§ **Problem statement**: Repeat every line of the data exactly, but not the pictures.

§ **Source material**:
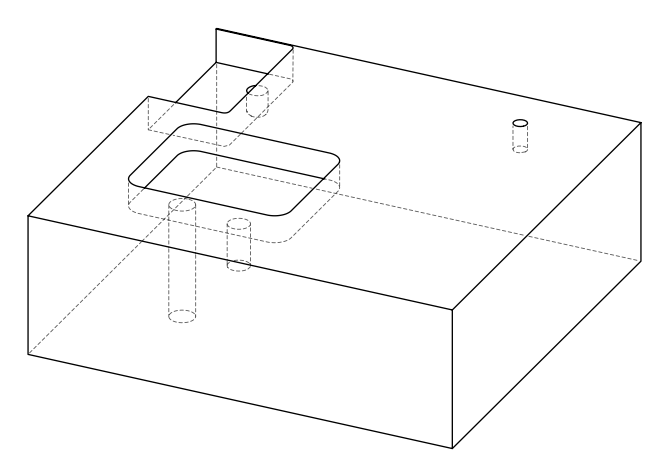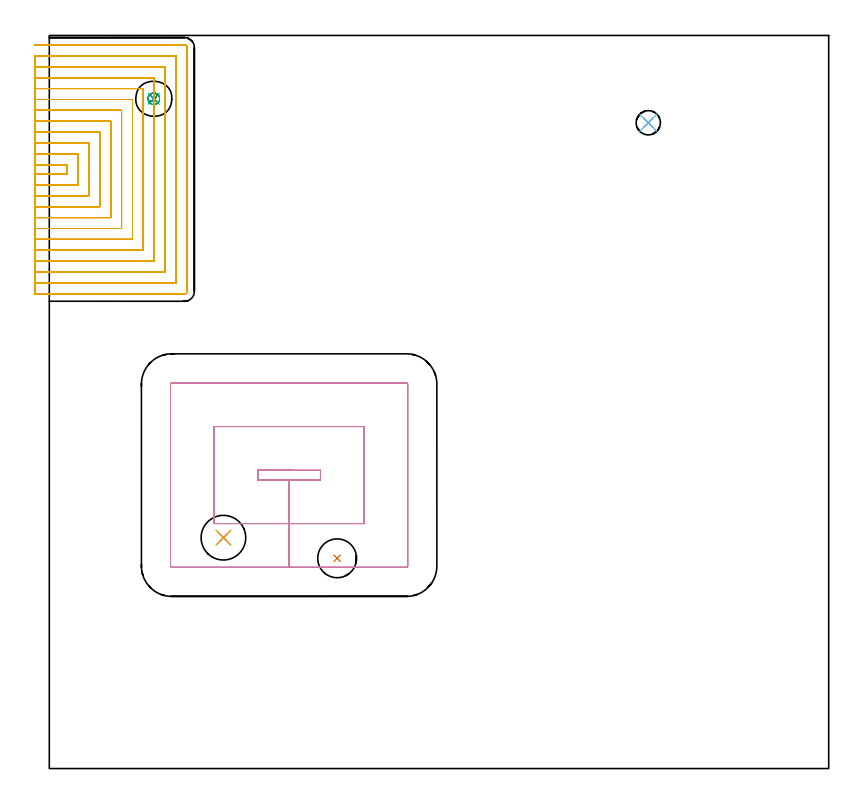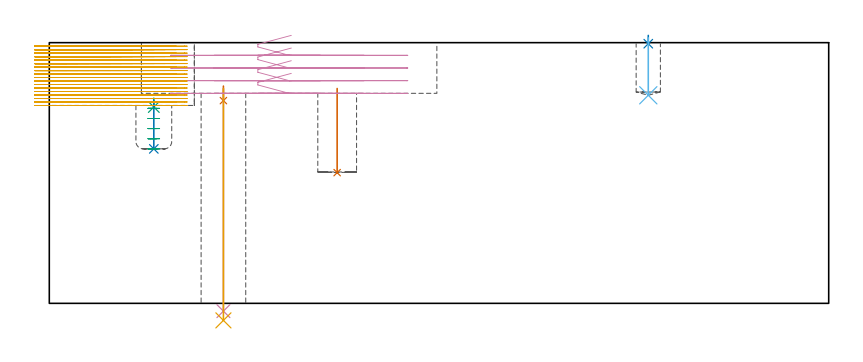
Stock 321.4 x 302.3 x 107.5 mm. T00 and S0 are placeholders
(PLAN: 11 operations, 8 tool changes, 108.4 min)
(1 SPOT_DRILL | STEP1HOLE | NXT0321_9005460120000 | 0.05 min | 2542 mm3)
(2 SPOT_DRILL_1 | STEP1POCKET | NXT0321_9005460120000 | 0.03 min | 1 mm3)
(3 SPOT_DRILL_2 | STEP1POCKET_2 | NXT0321_9005460120000 | 0.04 min | 2839 mm3)
(4 DRILL_THROUGH_HOLE_INTO_CENTER | STEP1HOLE | NXT0301_065 | 0.37 min | 5857 mm3)
(5 DRILL_TO_ENLARGE_THROUGH_HOLE | STEP1HOLE | UGT0301_253 | 0.39 min | 20155 mm3)
(6 DRILL_BLIND_HOLE_INTO_CENTER | STEP1POCKET | NXT0301_127 | 0.1 min | 1628 mm3)
(7 INDEXABLE_INSERT_DRILL_BLIND_HOLE_FROM_SOLID | STEP1POCKET_1 | NXT0302_003 | 0.14 min | 10724 mm3)
(8 DRILL_BLIND_HOLE_INTO_CENTER_1 | STEP1POCKET_2 | NXT0301_128 | 0.09 min | 1982 mm3)
(9 MILL_ROUGH_BLIND_HOLE_CONTOUR | STEP1POCKET_2 | UGT0201_089 | Spiral | 0.55 min | 2294 mm3)
(10 MILL_RECTANGULAR_POCKET | POCKET_RECTANGULAR_STRAIGHT | UGT0201_106 | Follow Part, ap 6, ae 75% | 5.7 min | 242049 mm3)
(11 MILL_SLOT | SLOT_PARTIAL_RECTANGULAR | NXT0201_008 | Follow Part, ap 1.5, ae 75% | 100.94 min | 164056 mm3)
(TOOL NXT0321_9005460120000 | NC Spot Drill, 142deg, 12mm, Carbide, Uncoated | D12 PA142 FL30 Z2)
(TOOL NXT0301_065 | Carbide Drill 9.4mm [860.1-0940-075A1-MM 2214] | D9.4 PA140 FL98 Z2)
(TOOL UGT0301_253 | Twist Drill 18.4 mm | D18.4 PA118 FL135 Z2)
(TOOL NXT0301_127 | Carbide Drill 10mm [861.1-1000-030A1-GP GC34] | D10 PA150 FL31.2 Z2)
(TOOL NXT0302_003 | Index. Insert Drill 16mm [880-D1600L20-05] | D16 PA176 FL80 Z2)
(TOOL NXT0301_128 | Carbide Drill 12mm [861.1-1200-036A1-GP GC34] | D12 PA150 FL37.4 Z2)
(TOOL UGT0201_089 | End mill 10 mm | D10 R3 FL22 Z4)
(TOOL UGT0201_106 | End Mill 24 mm | D24 FL25 Z2)
(TOOL NXT0201_008 | ENDMILL 6mm [2P460-0600-NA 1630] | D6 FL26 Z6)
(OP 1 SPOT_DRILL)
G17 G21 G94 G90
T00 M6
G54
G17 G0 G90 X71.8 Y95.2 S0 M3
G43 Z117.5 H0
G94 G81 G98 Z83.6 F250. R89.6
G80
M5
M2
(OP 2 SPOT_DRILL_1)
G17 G21 G94 G90
T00 M6
G54
G17 G0 G90 X247. Y266.3 S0 M3
G43 Z117.5 H0
G94 G81 G98 Z107.07 F250. R110.5
G80
M5
M2
(OP 3 SPOT_DRILL_2)
G17 G21 G94 G90
T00 M6
G54
G17 G0 G90 X43.1 Y276.2 S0 M3
G43 Z117.5 H0
G94 G81 G98 Z80.963 F250. R84.6
G80
M5
M2
(OP 4 DRILL_THROUGH_HOLE_INTO_CENTER)
G17 G21 G94 G90
T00 M6
G54
G17 G0 G90 X71.8 Y95.2 S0 M3
G43 Z117.5 H1
G94 G73 G98 Z-3.211 F250. Q8.981 R88.6
G80
M5
M2
(OP 5 DRILL_TO_ENLARGE_THROUGH_HOLE)
G17 G21 G94 G90
T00 M6
G54
G17 G0 G90 X71.8 Y95.2 S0 M3
G43 Z117.5 H0
G94 G73 G98 Z-7.028 F250. Q15.605 R88.6
G80
M5
M2
(OP 6 DRILL_BLIND_HOLE_INTO_CENTER)
G17 G21 G94 G90
T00 M6
G54
G17 G0 G90 X247. Y266.3 S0 M3
G43 Z117.5 H1
G94 G81 G98 Z85.8 F250. R109.5
G80
M5
M2
(OP 7 INDEXABLE_INSERT_DRILL_BLIND_HOLE_FROM_SOLID)
G17 G21 G94 G90
T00 M6
G54
G17 G0 G90 X118.7 Y86.7 S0 M3
G43 Z117.5 H1
G94 G81 G98 Z53.9 F250. R88.6
G80
M5
M2
(OP 8 DRILL_BLIND_HOLE_INTO_CENTER_1)
G17 G21 G94 G90
T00 M6
G54
G17 G0 G90 X43.1 Y276.2 S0 M3
G43 Z117.5 H1
G94 G81 G98 Z63.7 F250. R83.6
G80
M5
M2
(OP 9 MILL_ROUGH_BLIND_HOLE_CONTOUR)
G17 G21 G94 G90
T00 M6
G54
G17 G0 G90 X43.1 Y276.2 S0 M3
G43 Z117.5 H0
Z80.42
G94 G3 X43.242 Y278.458 R1.133 F250.
X40.719 Y276.501 R2.258
X42.799 Y273.819 R2.4
X40.719 Y276.501 R-2.4
X41.759 Y275.16 R1.2
X43.1 Y276.2 R1.2
G0 Z76.24
G3 X43.242 Y278.458 R1.133
X40.719 Y276.501 R2.258
X42.799 Y273.819 R2.4
X40.719 Y276.501 R-2.4
X41.759 Y275.16 R1.2
X43.1 Y276.2 R1.2
G0 Z117.5
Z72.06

§ **Exercise output**:
Stock 321.4 x 302.3 x 107.5 mm. T00 and S0 are placeholders
(PLAN: 11 operations, 8 tool changes, 108.4 min)
(1 SPOT_DRILL | STEP1HOLE | NXT0321_9005460120000 | 0.05 min | 2542 mm3)
(2 SPOT_DRILL_1 | STEP1POCKET | NXT0321_9005460120000 | 0.03 min | 1 mm3)
(3 SPOT_DRILL_2 | STEP1POCKET_2 | NXT0321_9005460120000 | 0.04 min | 2839 mm3)
(4 DRILL_THROUGH_HOLE_INTO_CENTER | STEP1HOLE | NXT0301_065 | 0.37 min | 5857 mm3)
(5 DRILL_TO_ENLARGE_THROUGH_HOLE | STEP1HOLE | UGT0301_253 | 0.39 min | 20155 mm3)
(6 DRILL_BLIND_HOLE_INTO_CENTER | STEP1POCKET | NXT0301_127 | 0.1 min | 1628 mm3)
(7 INDEXABLE_INSERT_DRILL_BLIND_HOLE_FROM_SOLID | STEP1POCKET_1 | NXT0302_003 | 0.14 min | 10724 mm3)
(8 DRILL_BLIND_HOLE_INTO_CENTER_1 | STEP1POCKET_2 | NXT0301_128 | 0.09 min | 1982 mm3)
(9 MILL_ROUGH_BLIND_HOLE_CONTOUR | STEP1POCKET_2 | UGT0201_089 | Spiral | 0.55 min | 2294 mm3)
(10 MILL_RECTANGULAR_POCKET | POCKET_RECTANGULAR_STRAIGHT | UGT0201_106 | Follow Part, ap 6, ae 75% | 5.7 min | 242049 mm3)
(11 MILL_SLOT | SLOT_PARTIAL_RECTANGULAR | NXT0201_008 | Follow Part, ap 1.5, ae 75% | 100.94 min | 164056 mm3)
(TOOL NXT0321_9005460120000 | NC Spot Drill, 142deg, 12mm, Carbide, Uncoated | D12 PA142 FL30 Z2)
(TOOL NXT0301_065 | Carbide Drill 9.4mm [860.1-0940-075A1-MM 2214] | D9.4 PA140 FL98 Z2)
(TOOL UGT0301_253 | Twist Drill 18.4 mm | D18.4 PA118 FL135 Z2)
(TOOL NXT0301_127 | Carbide Drill 10mm [861.1-1000-030A1-GP GC34] | D10 PA150 FL31.2 Z2)
(TOOL NXT0302_003 | Index. Insert Drill 16mm [880-D1600L20-05] | D16 PA176 FL80 Z2)
(TOOL NXT0301_128 | Carbide Drill 12mm [861.1-1200-036A1-GP GC34] | D12 PA150 FL37.4 Z2)
(TOOL UGT0201_089 | End mill 10 mm | D10 R3 FL22 Z4)
(TOOL UGT0201_106 | End Mill 24 mm | D24 FL25 Z2)
(TOOL NXT0201_008 | ENDMILL 6mm [2P460-0600-NA 1630] | D6 FL26 Z6)
(OP 1 SPOT_DRILL)
G17 G21 G94 G90
T00 M6
G54
G17 G0 G90 X71.8 Y95.2 S0 M3
G43 Z117.5 H0
G94 G81 G98 Z83.6 F250. R89.6
G80
M5
M2
(OP 2 SPOT_DRILL_1)
G17 G21 G94 G90
T00 M6
G54
G17 G0 G90 X247. Y266.3 S0 M3
G43 Z117.5 H0
G94 G81 G98 Z107.07 F250. R110.5
G80
M5
M2
(OP 3 SPOT_DRILL_2)
G17 G21 G94 G90
T00 M6
G54
G17 G0 G90 X43.1 Y276.2 S0 M3
G43 Z117.5 H0
G94 G81 G98 Z80.963 F250. R84.6
G80
M5
M2
(OP 4 DRILL_THROUGH_HOLE_INTO_CENTER)
G17 G21 G94 G90
T00 M6
G54
G17 G0 G90 X71.8 Y95.2 S0 M3
G43 Z117.5 H1
G94 G73 G98 Z-3.211 F250. Q8.981 R88.6
G80
M5
M2
(OP 5 DRILL_TO_ENLARGE_THROUGH_HOLE)
G17 G21 G94 G90
T00 M6
G54
G17 G0 G90 X71.8 Y95.2 S0 M3
G43 Z117.5 H0
G94 G73 G98 Z-7.028 F250. Q15.605 R88.6
G80
M5
M2
(OP 6 DRILL_BLIND_HOLE_INTO_CENTER)
G17 G21 G94 G90
T00 M6
G54
G17 G0 G90 X247. Y266.3 S0 M3
G43 Z117.5 H1
G94 G81 G98 Z85.8 F250. R109.5
G80
M5
M2
(OP 7 INDEXABLE_INSERT_DRILL_BLIND_HOLE_FROM_SOLID)
G17 G21 G94 G90
T00 M6
G54
G17 G0 G90 X118.7 Y86.7 S0 M3
G43 Z117.5 H1
G94 G81 G98 Z53.9 F250. R88.6
G80
M5
M2
(OP 8 DRILL_BLIND_HOLE_INTO_CENTER_1)
G17 G21 G94 G90
T00 M6
G54
G17 G0 G90 X43.1 Y276.2 S0 M3
G43 Z117.5 H1
G94 G81 G98 Z63.7 F250. R83.6
G80
M5
M2
(OP 9 MILL_ROUGH_BLIND_HOLE_CONTOUR)
G17 G21 G94 G90
T00 M6
G54
G17 G0 G90 X43.1 Y276.2 S0 M3
G43 Z117.5 H0
Z80.42
G94 G3 X43.242 Y278.458 R1.133 F250.
X40.719 Y276.501 R2.258
X42.799 Y273.819 R2.4
X40.719 Y276.501 R-2.4
X41.759 Y275.16 R1.2
X43.1 Y276.2 R1.2
G0 Z76.24
G3 X43.242 Y278.458 R1.133
X40.719 Y276.501 R2.258
X42.799 Y273.819 R2.4
X40.719 Y276.501 R-2.4
X41.759 Y275.16 R1.2
X43.1 Y276.2 R1.2
G0 Z117.5
Z72.06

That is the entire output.